Error handling must be explicit. If Worker A fails, the orchestrator needs a clear recovery path: retry, use a fallback agent, skip the subtask, or abort the whole workflow. Don't assume workers succeed β always handle errors at the orchestration layer.
| Design Decision | Options | Recommendation |
|---|---|---|
| Task decomposition | Static (hardcoded) vs Dynamic (LLM-decided) | Static for known workflows; dynamic for open-ended tasks |
| Worker communication | Direct call vs message queue | Direct for latency-sensitive; queue for reliability |
| Error handling | Fail fast vs partial results | Partial results with confidence scores for user-facing APIs |
| Result aggregation | Concat vs synthesise with LLM | Synthesise for coherent output; concat for audit trails |
| Human oversight | None vs checkpoint vs full review | Checkpoint before irreversible actions |
The orchestrator should be the only component with global state β individual workers should be stateless and rerunnable.

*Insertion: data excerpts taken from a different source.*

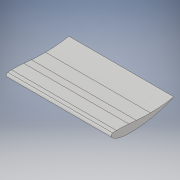
# Autodesk Inventor part: naca97
Saved by Autodesk Inventor 2018.2 (Build 222227000, 227)
## iProperties
Created: 2018-02-23
Part Number: naca97
Material: 一般
Document SubType Name: Modeling
Designer: ku_sk
Density: 1 g/cm^3
Appearance: 既定
Author: ku_sk
Autodesk Inventor part; units mm, degrees
ref_plane "YZ Plane" through (0, 0, 0) normal (1, 0, 0) x (0, 1, 0)
ref_plane "XZ Plane" through (0, 0, 0) normal (0, 1, 0) x (-1, 0, 0)
ref_plane "XY Plane" through (0, 0, 0) normal (0, 0, 1) x (1, 0, 0)
sketch "スケッチ1" plane through (0, 0, 0) normal (0, 1, 0) x (-1, 0, 0)
  arc A0 (-0.3139, 1.7491) -> (-1.4341, -1.0494) centre (0, 0) ccw
  arc A1 (3.0473, 2.0538) -> (-0.3139, 1.7491) centre (3.11, -17.328) ccw
  arc A2 (14.2243, 1.5555) -> (3.0473, 2.0538) centre (3.426, -115.066) ccw
  arc A3 (14.2243, 1.5555) -> (21.0741, 0.9324) centre (210.779, 2124.35) ccw
  arc A4 (21.0741, 0.9324) -> (33.8498, 0.3962) centre (33.144, 136.034) ccw
  arc A5 (33.8498, 0.3962) -> (55, 2.3978) centre (33.229, 119.698) ccw
  arc A6 (-1.4341, -1.0494) -> (-0.1426, -2.3034) centre (2.9, 2.122) ccw
  arc A7 (-0.1426, -2.3034) -> (4.4066, -4.5379) centre (9.743, 12.075) ccw
  arc A8 (4.4066, -4.5379) -> (12.2873, -5.9387) centre (13.508, 23.796) ccw
  arc A9 (12.2873, -5.9387) -> (16.5781, -5.9878) centre (15.261, 66.497) ccw
  arc A10 (16.5781, -5.9878) -> (55, 2.3978) centre (14.7503, 94.6026) ccw
  dimension "d0" = 1.777
  dimension "d2" = 17.328
  dimension "d5" = 115.066
  dimension "d7" = 2124.35
  dimension "d9" = 136.034
  dimension "d10" = 3.11
  dimension "d11" = 3.426
  dimension "d12" = 210.779
  dimension "d13" = 33.144
  dimension "d14" = 33.229
  dimension "d15" = 119.698
  dimension "d16" = 55
  dimension "d17" = 2.9
  dimension "d18" = 2.122
  dimension "d21" = 9.743
  dimension "d22" = 12.075
  dimension "d23" = 13.508
  dimension "d24" = 23.796
  dimension "d25" = 15.261
  dimension "d26" = 66.497
  dimension "d27" = 94.6026
  constraints: 22 point on circle, 11 centre point, 10 tangent, 1 coincident
  measures "d0" radius of A0
  measures "d2" vertical distance of point (0, 0) A1.centre
  measures "d5" vertical distance of point (0, 0) A2.centre
  measures "d7" vertical distance of A3.centre point (0, 0)
  measures "d9" vertical distance of point (0, 0) A4.centre
  measures "d10" horizontal distance of A1.centre point (0, 0)
  measures "d11" horizontal distance of point (0, 0) A2.centre
  measures "d12" horizontal distance of point (0, 0) A3.centre
  measures "d13" horizontal distance of point (0, 0) A4.centre
  measures "d14" horizontal distance of point (0, 0) A5.centre
  measures "d15" vertical distance of point (0, 0) A5.centre
  measures "d16" horizontal distance of A5.end point (0, 0)
  measures "d17" horizontal distance of point (0, 0) A6.centre
  measures "d18" vertical distance of point (0, 0) A6.centre
  measures "d21" horizontal distance of point (0, 0) A7.centre
  measures "d22" vertical distance of point (0, 0) A7.centre
  measures "d23" horizontal distance of point (0, 0) A8.centre
  measures "d24" vertical distance of A8.centre point (0, 0)
  measures "d25" horizontal distance of point (0, 0) A9.centre
  measures "d26" vertical distance of point (0, 0) A9.centre
  measures "d27" vertical distance of point (0, 0) A10.centre
extrude "押し出し1" add sketch "スケッチ1" along normal mid plane 95

This makes the system debuggable: if a worker fails, you can replay exactly its inputs from the orchestrator's log without re-running earlier stages. Log the full task decomposition and all worker inputs/outputs at DEBUG level; this data is invaluable when diagnosing why the final output diverged from expectations.
Keep orchestrator state minimal: store only task inputs, outputs, and status. Delegate all business logic to workers. Checkpoint state after every worker completion, not just at the end of the full orchestration, so a failed orchestrator instance can be replaced and any task resumed from the last persisted checkpoint without replaying the entire workflow.
Implement structured logging in your orchestrator to enable post-hoc workflow analysis. Each log entry should include: orchestration ID, step number, worker ID, input token count, output token count, latency, and success/failure status. This lets you run cost attribution queries across orchestration runs, identify which worker types are the most expensive or slowest, and build dashboards that show quality trends correlated with orchestration complexity.